U.S. equity futures are pointing to a positive open this morning, adding to the nice rebound stocks have had in the first two months of 2019. The Dow Jones Industrial Average closed above 26,000 on Friday for the first time since November. Both the Dow and the S&P 500 are up almost 19% since the Christmas Eve bottom.

The disconnect in the Treasury market seems to be growing. Back in November when the Dow was trading above 26,000, the 10-yr Treasury was almost 3.20%. With all the volatility in late December and early January, the 10-yr closed as low as 2.55%. Over the past two months, the 10-yr Treasury has only moved 12 bps higher to a 2.67% so although stocks have rebounded the 10-yr is still 53 bps lower yielding. The 2-to-10 Treasury spread has moved up a few basis points this year but it still remains at 16 bps, a 12 year low. The bond market is certainly painting a more gloomy picture than the equity market but time will tell which is right.

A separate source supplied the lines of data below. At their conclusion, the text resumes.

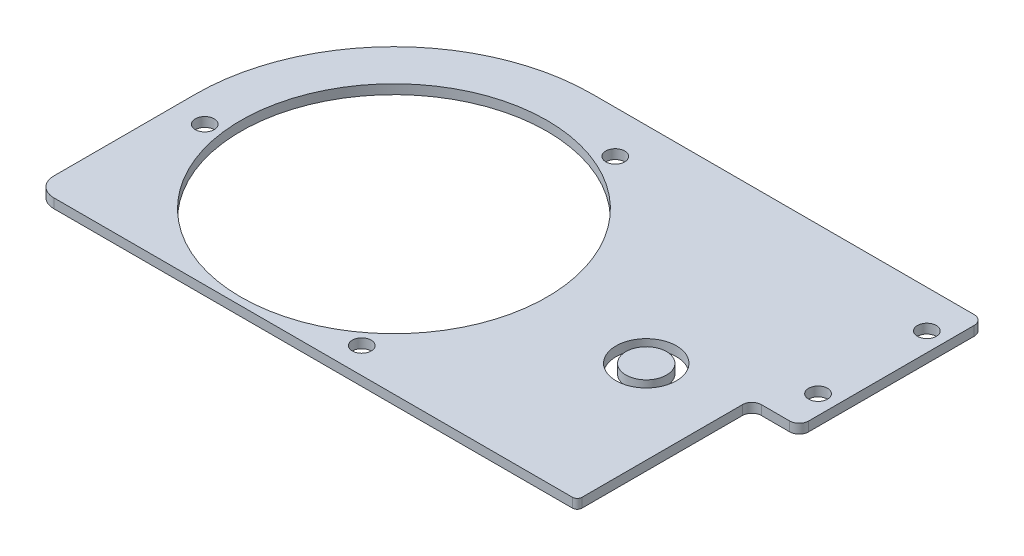
from build123d import *

# Parameters (mm, degrees)
SKETCH1_R           = 102.87
SKETCH1_R_2         = 6.35
BOSS_EXTRUDE1_DEPTH = 6.35
SKETCH6_R           = 20.32
SKETCH6_R_2         = 13.63940017
CUT_EXTRUDE1_DEPTH  = 28.448


with BuildPart() as part:
    # Sketch1 → Boss-Extrude1 (new body)
    with BuildSketch(Plane(origin=(0, 0, 0), x_dir=(1, 0, 0), z_dir=(0, 1, 0))):
        with BuildLine():
            Line((256.521079071, 133.368920929), (0, 133.368920929))
            ThreePointArc((0, 133.368920929), (-94.306068389, 94.306068389), (-133.368920929, 0))
            Line((-133.368920929, 0), (-133.368920929, -95.231079071))
            ThreePointArc((-133.368920929, -95.231079071), (-129.64917705, -104.211335192), (-120.668920929, -107.931079071))
            Line((-120.668920929, -107.931079071), (227.955539535, -107.931079071))
            ThreePointArc((227.955539535, -107.931079071), (230.193914007, -107.003914007), (231.121079071, -104.765539535))
            Line((231.121079071, -104.765539535), (231.121079071, 3.100777109))
            ThreePointArc((231.121079071, 3.100777109), (232.98095101, 7.59090517), (237.471079071, 9.450777109))
            Line((237.471079071, 9.450777109), (256.521079071, 9.450777109))
            ThreePointArc((256.521079071, 9.450777109), (261.011207131, 11.310649048), (262.871079071, 15.800777109))
            Line((262.871079071, 15.800777109), (262.871079071, 127.018920929))
            ThreePointArc((262.871079071, 127.018920929), (261.011207131, 131.50904899), (256.521079071, 133.368920929))
        make_face()
        with Locations(Location((0, 0, 0), (0, 0, 270))):
            Circle(SKETCH1_R, mode=Mode.SUBTRACT)
        with Locations(Location((-112.738641363, -14.374963544, 0), (0, 0, 270))):
            Circle(SKETCH1_R_2, mode=Mode.SUBTRACT)
        with Locations(Location((43.920237074, 104.822009181, 0), (0, 0, 270))):
            Circle(SKETCH1_R_2, mode=Mode.SUBTRACT)
        with Locations(Location((68.818404289, -90.447045637, 0), (0, 0, 270))):
            Circle(SKETCH1_R_2, mode=Mode.SUBTRACT)
        with Locations(Location((250.171079071, 107.968920929, 0), (0, 0, 270))):
            Circle(SKETCH1_R_2, mode=Mode.SUBTRACT)
        with Locations(Location((250.171079071, 34.850777109, 0), (0, 0, 270))):
            Circle(SKETCH1_R_2, mode=Mode.SUBTRACT)
    extrude(amount=BOSS_EXTRUDE1_DEPTH)

    # Sketch6 → Cut-Extrude1 (cut)
    with BuildSketch(Plane(origin=(0, 0, 0), x_dir=(1, 0, 0), z_dir=(0, 1, 0))):
        with Locations(Location((174.738689567, -5.189547123, 0), (0, 0, 90))):
            Circle(SKETCH6_R)
        with Locations(Location((174.738689567, -5.189547123, 0), (0, 0, 90))):
            Circle(SKETCH6_R_2, mode=Mode.SUBTRACT)
    extrude(amount=CUT_EXTRUDE1_DEPTH, mode=Mode.SUBTRACT)


with BuildPart() as cut_extrude1_piece_1:
    # of the separate pieces the step leaves, piece 1, a body of its own (cut_extrude1_pieces)
    add(part.part.solids().sort_by_distance((256.521079071, 0, -9.450777109))[0])


with BuildPart() as cut_extrude1_piece_2:
    # of the separate pieces the step leaves, piece 2, a body of its own (cut_extrude1_pieces)
    add(part.part.solids().sort_by_distance((174.738689567, 0, -8.449853047))[0])


solid = Compound([cut_extrude1_piece_1.part, cut_extrude1_piece_2.part])

Equity investors can thank the Fed for the recent performance. Their shift to a dovish stance has caused interest rate hike probabilities to plunge. The highest hike probability at any of the next eight meetings is now just 2.2%. Furthermore, the recent Fed minutes suggest that almost all Fed officials are ready to put an end the balance sheet wind down. This would be an interesting turn of events because the Fed’s balance sheet (currently almost $4 trillion) is still massive compared to pre-Great Recession levels (typically less than $1 trillion).

The Economic Surprise index has plummeted the last few weeks, moving from -0.20 to -0.513.  This is now the lowest reading in almost two years. The same sectors continue to drag the index down. The Housing and Real Estate Market continues to be in negative territory. This could start to improve now that volatility is cooling and the 30-yr commitment rate is back around 4.00%.  The Retail Sale Sector has continued to struggle with a big surprise to the down side in February. On Thursday, 4th quarter GDP will be released.

There continue to be opportunities in the investment portfolio. Many clients have been focused on selling baskets of securities with little to no spread over Treasuries. While identifying securities with an aggregate breakeven is preferred, we have also been selling securities when the loss can be more than offset by the increase in interest income within the year.